Colossus wrote:Okay, this is going to sound terrible to many people, but here goes anyway...
There has been a bit of talk in this thread about the holocaust as an example of something 'bad' that happened that God should have/would have stopped if he were an omnipotent, omniscient being that has loving feelings toward man. I posed an idea earlier that has not been addressed yet, and the idea is this: tragedy is a matter of perspective. I realize the holocaust was an unspeakably terrible thing to the people touched by it (and in many ways all of modern society was touched by it), but in the God-sense (i.e. on the cosmic scale) was it, or any other tragedy of man, really such a big deal? On the cosmic scale, 6 million Jews or even the entirety of the human race is pretty inconsequential. Not entirely inconsequential, but largely so. One of the things that I believe is that God is present in every point in space at every moment, and that God is the universe but also more than it. I don't understand the point of view where God so loves a person that he intervenes to save that person's life. This is another paradox of typical Christian teaching, as I see it. God created the universe, and we are a part of that universe....a very, very, very teeny part, so why should a benevolent God who loves all things preserve my life? Especially when doing so would controvert the natural order (i.e. all things other than me)? It seems to me that the things we think of as 'bad' or 'tragic' are because they involve our individual lives, not because they are truly of monumental negative circumstances in the vastness of existence. Death is a natural part of life. Why is one death worse than another? We certainly (and I certainly) feel that the death of a 90-year-old man in his sleep is less tragic than a child that is hit by a car and killed. But why? In the grand sense, it really doesn't matter. Dead is dead, and we all die. And if death is a returning to God (as it supposedly is for 'His people'), death is not such a bad thing. In fact, I think death is in and of itself a blessing, as is the ability to feel pain. Both are fundamental parts of the experience of life, and that is the greatest gift of all, in my opinion. Anyway, I don't know if this post made any sense or got across what I mean here, but it's kind of a difficult point to make without going on and on.

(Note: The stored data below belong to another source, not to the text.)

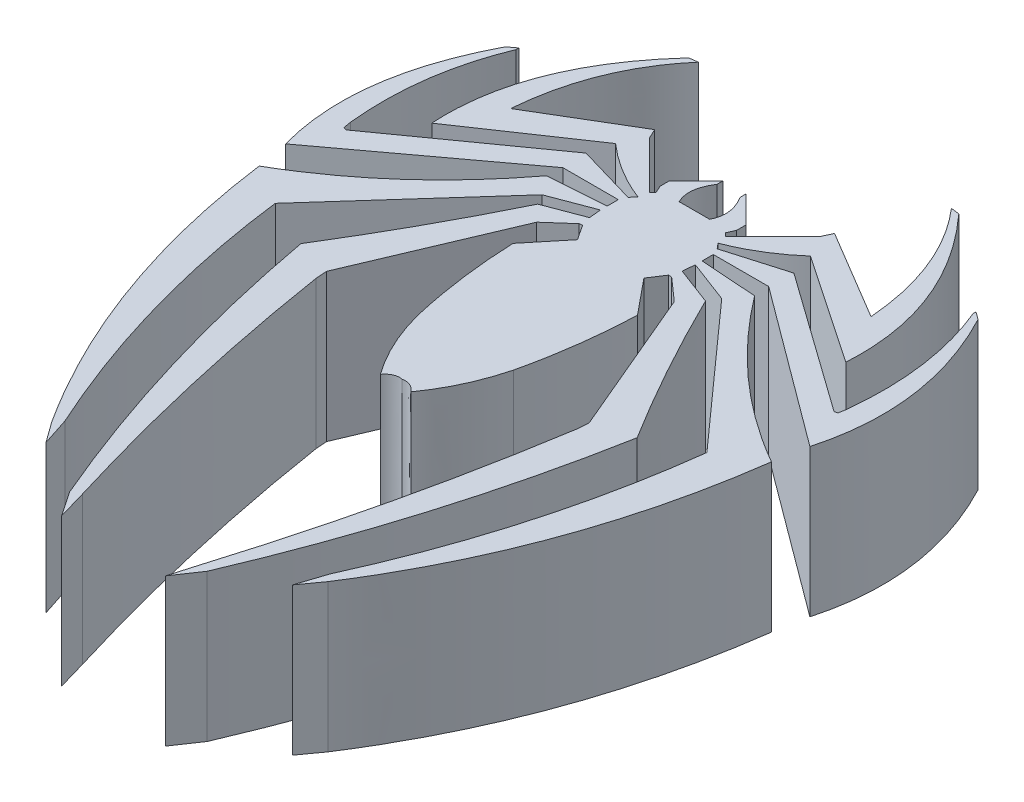
from build123d import *

# Parameters (mm, degrees)
BOSS_EXTRUDE1_DEPTH = 10


with BuildPart() as part:
    # Sketch1 → Boss-Extrude1 (new body)
    with BuildSketch(Plane(origin=(0, 0, 0), x_dir=(1, 0, 0), z_dir=(0, 1, 0))):
        with BuildLine():
            Line((-0.77475919, 17.805575817), (-0.77475919, 18.205472922))
            Line((-0.77475919, 18.205472922), (-2.591328104, 16.388904008))
            Line((-2.591328104, 16.388904008), (-2.591328104, 15.751300349))
            Line((-2.591328104, 15.751300349), (-2.362753208, 15.246029526))
            Line((-2.362753208, 15.246029526), (-2.591328104, 15.017454629))
            Line((-2.591328104, 15.017454629), (-5.779346397, 18.205472922))
            Line((-5.779346397, 18.205472922), (-6.095268046, 18.892889731))
            Line((-6.095268046, 18.892889731), (-12.218826377, 15.246029526))
            add(Edge.make_bspline(
                [(-12.218826377, 15.246029526), (-11.778721685, 20.620695324), (-8.581947184, 24.333309757)],
                knots=[0, 0, 0, 1, 1, 1], degree=2))
            Line((-8.581947184, 24.333309757), (-9.157047212, 24.259356466))
            add(Edge.make_bspline(
                [(-9.157047212, 24.259356466), (-14.447655818, 18.459017457), (-14.037673367, 11.71891231)],
                knots=[0, 0, 0, 1, 1, 1], degree=2))
            Line((-14.037673367, 11.71891231), (-6.606809824, 16.748676517))
            add(Edge.make_bspline(
                [(-6.606809824, 16.748676517), (-4.84160761, 15.196820639), (-2.713996128, 14.373140945)],
                knots=[0, 0, 0, 1, 1, 1], degree=2))
            Line((-2.713996128, 14.373140945), (-3.022885214, 14.011805458))
            Line((-3.022885214, 14.011805458), (-7.04843704, 15.185986651))
            Line((-7.04843704, 15.185986651), (-16.542260828, 8.414995079))
            Line((-16.542260828, 8.414995079), (-16.750184267, 8.475642613))
            Line((-16.750184267, 8.475642613), (-16.844000716, 8.999446115))
            add(Edge.make_bspline(
                [(-16.844000716, 8.999446115), (-17.398318859, 14.288056659), (-15.498292646, 18.892889731)],
                knots=[0, 0, 0, 0.937492037, 0.937492037, 0.937492037], degree=2))
            Line((-15.498292646, 18.892889731), (-15.498292646, 19.083480243))
            Line((-15.498292646, 19.083480243), (-16.018185643, 18.698181665))
            add(Edge.make_bspline(
                [(-16.018185643, 18.698181665), (-19.54860855, 11.964227915), (-17.772645014, 5.545401207)],
                knots=[0, 0, 0, 1, 1, 1], degree=2))
            Line((-17.772645014, 5.545401207), (-6.976425445, 13.546601594))
            Line((-6.976425445, 13.546601594), (-3.220749094, 13.546601594))
            Line((-3.220749094, 13.546601594), (-3.220749094, 12.787927187))
            Line((-3.220749094, 12.787927187), (-7.04843704, 12.523140875))
            add(Edge.make_bspline(
                [(-7.04843704, 12.523140875), (-11.378277138, 6.786058759), (-17.368277161, 3.344273399)],
                knots=[0, 0, 0, 1, 1, 1], degree=2))
            add(Edge.make_bspline(
                [(-17.368277161, 3.344273399), (-15.724066268, -8.863327627), (-9.366664211, -18.723496609)],
                knots=[0, 0, 0, 0.983877667, 0.983877667, 0.983877667], degree=2))
            Line((-9.366664211, -18.723496609), (-8.360846592, -20.115700618))
            Line((-8.360846592, -20.115700618), (-8.984631154, -18.211516166))
            add(Edge.make_bspline(
                [(-8.984631154, -18.211516166), (-13.367422275, -8.565356306), (-14.632198794, 1.702238546)],
                knots=[0, 0, 0, 0.96561084, 0.96561084, 0.96561084], degree=2))
            Line((-14.632198794, 1.702238546), (-6.095268046, 11.245692572))
            Line((-6.095268046, 11.245692572), (-3.220749094, 12.334656835))
            Line((-3.220749094, 12.334656835), (-3.137312332, 11.517506569))
            Line((-3.137312332, 11.517506569), (-5.68828216, 10.551113575))
            add(Edge.make_bspline(
                [(-5.68828216, 10.551113575), (-8.289822739, 5.230431142), (-11.398307003, 0.207327452)],
                knots=[0, 0, 0, 0.941866113, 0.941866113, 0.941866113], degree=2))
            add(Edge.make_bspline(
                [(-11.398307003, 0.207327452), (-9.259704318, -11.446844699), (-4.663293434, -22.207552312)],
                knots=[0, 0, 0, 0.984459997, 0.984459997, 0.984459997], degree=2))
            Line((-4.663293434, -22.207552312), (-3.52644295, -23.884260193))
            Line((-3.52644295, -23.884260193), (-4.094868192, -21.920639742))
            add(Edge.make_bspline(
                [(-4.094868192, -21.920639742), (-7.201743798, -11.767427454), (-8.842724338, -1.332659634)],
                knots=[0, 0, 0, 0.95775591, 0.95775591, 0.95775591], degree=2))
            Line((-8.842724338, -1.332659634), (-8.901419383, -0.55237788))
            Line((-8.901419383, -0.55237788), (-4.663293434, 9.459890703))
            Line((-4.663293434, 9.459890703), (-3.137312332, 10.808717055))
            Line((-3.137312332, 10.808717055), (-2.918598052, 10.825169375))
            Line((-2.918598052, 10.825169375), (-2.254002061, 9.809392881))
            Line((-2.254002061, 9.809392881), (-4.219363172, 7.408826128))
            add(Edge.make_bspline(
                [(-4.219363172, 7.408826128), (-4.079064375, 3.638553555), (-3.236682616, 0)],
                knots=[0, 0, 0, 0.892205795, 0.892205795, 0.892205795], degree=2))
            add(Edge.make_bspline(
                [(-3.236682616, 0), (-2.55670829, -2.640008962), (-1.031376318, -4.773443308)],
                knots=[0, 0, 0, 0.876843131, 0.876843131, 0.876843131], degree=2))
            add(Edge.make_bspline(
                [(-1.031376318, -4.773443308), (-0.582556801, -4.206513749), (0, -4.327217184)],
                knots=[0, 0, 0, 1, 1, 1], degree=2))
            add(Edge.make_bspline(
                [(1.031376318, -4.773443308), (0.582556801, -4.206513749), (0, -4.327217184)],
                knots=[0, 0, 0, 1, 1, 1], degree=2))
            add(Edge.make_bspline(
                [(3.236682616, 0), (2.55670829, -2.640008962), (1.031376318, -4.773443308)],
                knots=[0, 0, 0, 0.876843131, 0.876843131, 0.876843131], degree=2))
            add(Edge.make_bspline(
                [(4.219363172, 7.408826128), (4.079064375, 3.638553555), (3.236682616, 0)],
                knots=[0, 0, 0, 0.892205795, 0.892205795, 0.892205795], degree=2))
            Line((4.219363172, 7.408826128), (2.254002061, 9.809392881))
            Line((2.254002061, 9.809392881), (2.918598052, 10.825169375))
            Line((2.918598052, 10.825169375), (3.137312332, 10.808717055))
            Line((3.137312332, 10.808717055), (4.663293434, 9.459890703))
            Line((4.663293434, 9.459890703), (8.901419383, -0.55237788))
            Line((8.901419383, -0.55237788), (8.842724338, -1.332659634))
            add(Edge.make_bspline(
                [(4.094868192, -21.920639742), (7.201743798, -11.767427454), (8.842724338, -1.332659634)],
                knots=[0, 0, 0, 0.95775591, 0.95775591, 0.95775591], degree=2))
            Line((4.094868192, -21.920639742), (3.52644295, -23.884260193))
            Line((3.52644295, -23.884260193), (4.663293434, -22.207552312))
            add(Edge.make_bspline(
                [(11.398307003, 0.207327452), (9.259704318, -11.446844699), (4.663293434, -22.207552312)],
                knots=[0, 0, 0, 0.984459997, 0.984459997, 0.984459997], degree=2))
            add(Edge.make_bspline(
                [(5.68828216, 10.551113575), (8.289822739, 5.230431142), (11.398307003, 0.207327452)],
                knots=[0, 0, 0, 0.941866113, 0.941866113, 0.941866113], degree=2))
            Line((5.68828216, 10.551113575), (3.137312332, 11.517506569))
            Line((3.137312332, 11.517506569), (3.220749094, 12.334656835))
            Line((3.220749094, 12.334656835), (6.095268046, 11.245692572))
            Line((6.095268046, 11.245692572), (14.632198794, 1.702238546))
            add(Edge.make_bspline(
                [(8.984631154, -18.211516166), (13.367422275, -8.565356306), (14.632198794, 1.702238546)],
                knots=[0, 0, 0, 0.96561084, 0.96561084, 0.96561084], degree=2))
            Line((8.984631154, -18.211516166), (8.360846592, -20.115700618))
            Line((8.360846592, -20.115700618), (9.366664211, -18.723496609))
            add(Edge.make_bspline(
                [(17.368277161, 3.344273399), (15.724066268, -8.863327627), (9.366664211, -18.723496609)],
                knots=[0, 0, 0, 0.983877667, 0.983877667, 0.983877667], degree=2))
            add(Edge.make_bspline(
                [(7.04843704, 12.523140875), (11.378277138, 6.786058759), (17.368277161, 3.344273399)],
                knots=[0, 0, 0, 1, 1, 1], degree=2))
            Line((7.04843704, 12.523140875), (3.220749094, 12.787927187))
            Line((3.220749094, 12.787927187), (3.220749094, 13.546601594))
            Line((3.220749094, 13.546601594), (6.976425445, 13.546601594))
            Line((6.976425445, 13.546601594), (17.772645014, 5.545401207))
            add(Edge.make_bspline(
                [(16.018185643, 18.698181665), (19.54860855, 11.964227915), (17.772645014, 5.545401207)],
                knots=[0, 0, 0, 1, 1, 1], degree=2))
            Line((16.018185643, 18.698181665), (15.498292646, 19.083480243))
            Line((15.498292646, 19.083480243), (15.498292646, 18.892889731))
            add(Edge.make_bspline(
                [(16.844000716, 8.999446115), (17.398318859, 14.288056659), (15.498292646, 18.892889731)],
                knots=[0, 0, 0, 0.937492037, 0.937492037, 0.937492037], degree=2))
            Line((16.844000716, 8.999446115), (16.750184267, 8.475642613))
            Line((16.750184267, 8.475642613), (16.542260828, 8.414995079))
            Line((16.542260828, 8.414995079), (7.04843704, 15.185986651))
            Line((7.04843704, 15.185986651), (3.022885214, 14.011805458))
            Line((3.022885214, 14.011805458), (2.713996128, 14.373140945))
            add(Edge.make_bspline(
                [(6.606809824, 16.748676517), (4.84160761, 15.196820639), (2.713996128, 14.373140945)],
                knots=[0, 0, 0, 1, 1, 1], degree=2))
            Line((6.606809824, 16.748676517), (14.037673367, 11.71891231))
            add(Edge.make_bspline(
                [(9.157047212, 24.259356466), (14.447655818, 18.459017457), (14.037673367, 11.71891231)],
                knots=[0, 0, 0, 1, 1, 1], degree=2))
            Line((9.157047212, 24.259356466), (8.581947184, 24.333309757))
            add(Edge.make_bspline(
                [(12.218826377, 15.246029526), (11.778721685, 20.620695324), (8.581947184, 24.333309757)],
                knots=[0, 0, 0, 1, 1, 1], degree=2))
            Line((12.218826377, 15.246029526), (6.095268046, 18.892889731))
            Line((6.095268046, 18.892889731), (5.779346397, 18.205472922))
            Line((5.779346397, 18.205472922), (2.591328104, 15.017454629))
            Line((2.591328104, 15.017454629), (2.362753208, 15.246029526))
            Line((2.362753208, 15.246029526), (2.591328104, 15.751300349))
            Line((2.591328104, 15.751300349), (2.591328104, 16.388904008))
            Line((2.591328104, 16.388904008), (0.77475919, 18.205472922))
            Line((0.77475919, 18.205472922), (0.77475919, 17.805575817))
            add(Edge.make_bspline(
                [(0.77475919, 17.805575817), (1.570165167, 16.532957411), (1.031376318, 15.489501362)],
                knots=[0, 0, 0, 1, 1, 1], degree=2))
            Line((1.031376318, 15.489501362), (-1.031376318, 15.489501362))
            add(Edge.make_bspline(
                [(-0.77475919, 17.805575817), (-1.570165167, 16.532957411), (-1.031376318, 15.489501362)],
                knots=[0, 0, 0, 1, 1, 1], degree=2))
        make_face()
    extrude(amount=BOSS_EXTRUDE1_DEPTH)


solid = part.part

In answer to this, the reason I have been highlighting the holocaust is that it is perhaps the most extreme example of human suffering and that genocide, if anything, is going to help certain theists understand the argument I am presenting. The problem of evil does, however, encompass (for me at least) every human tear, every grazed knee, even every eyebrow plucked!
It would have been within God's power to give us ultimate joy in heaven, and even allowing the smallest injustice or the most inconsequential pain is still a contradiction in his benevolence.
If he is letting us 'travel the road', as it were, in an effort to let us reach a higher joy, then that again limits his power - he cannot give us that 'higher joy' himself and so he is not omnipotent!
The scale of the suffering does not matter. A single baby starving is no less of an attack on his omnibenevolence and omnipotence than the holocaust!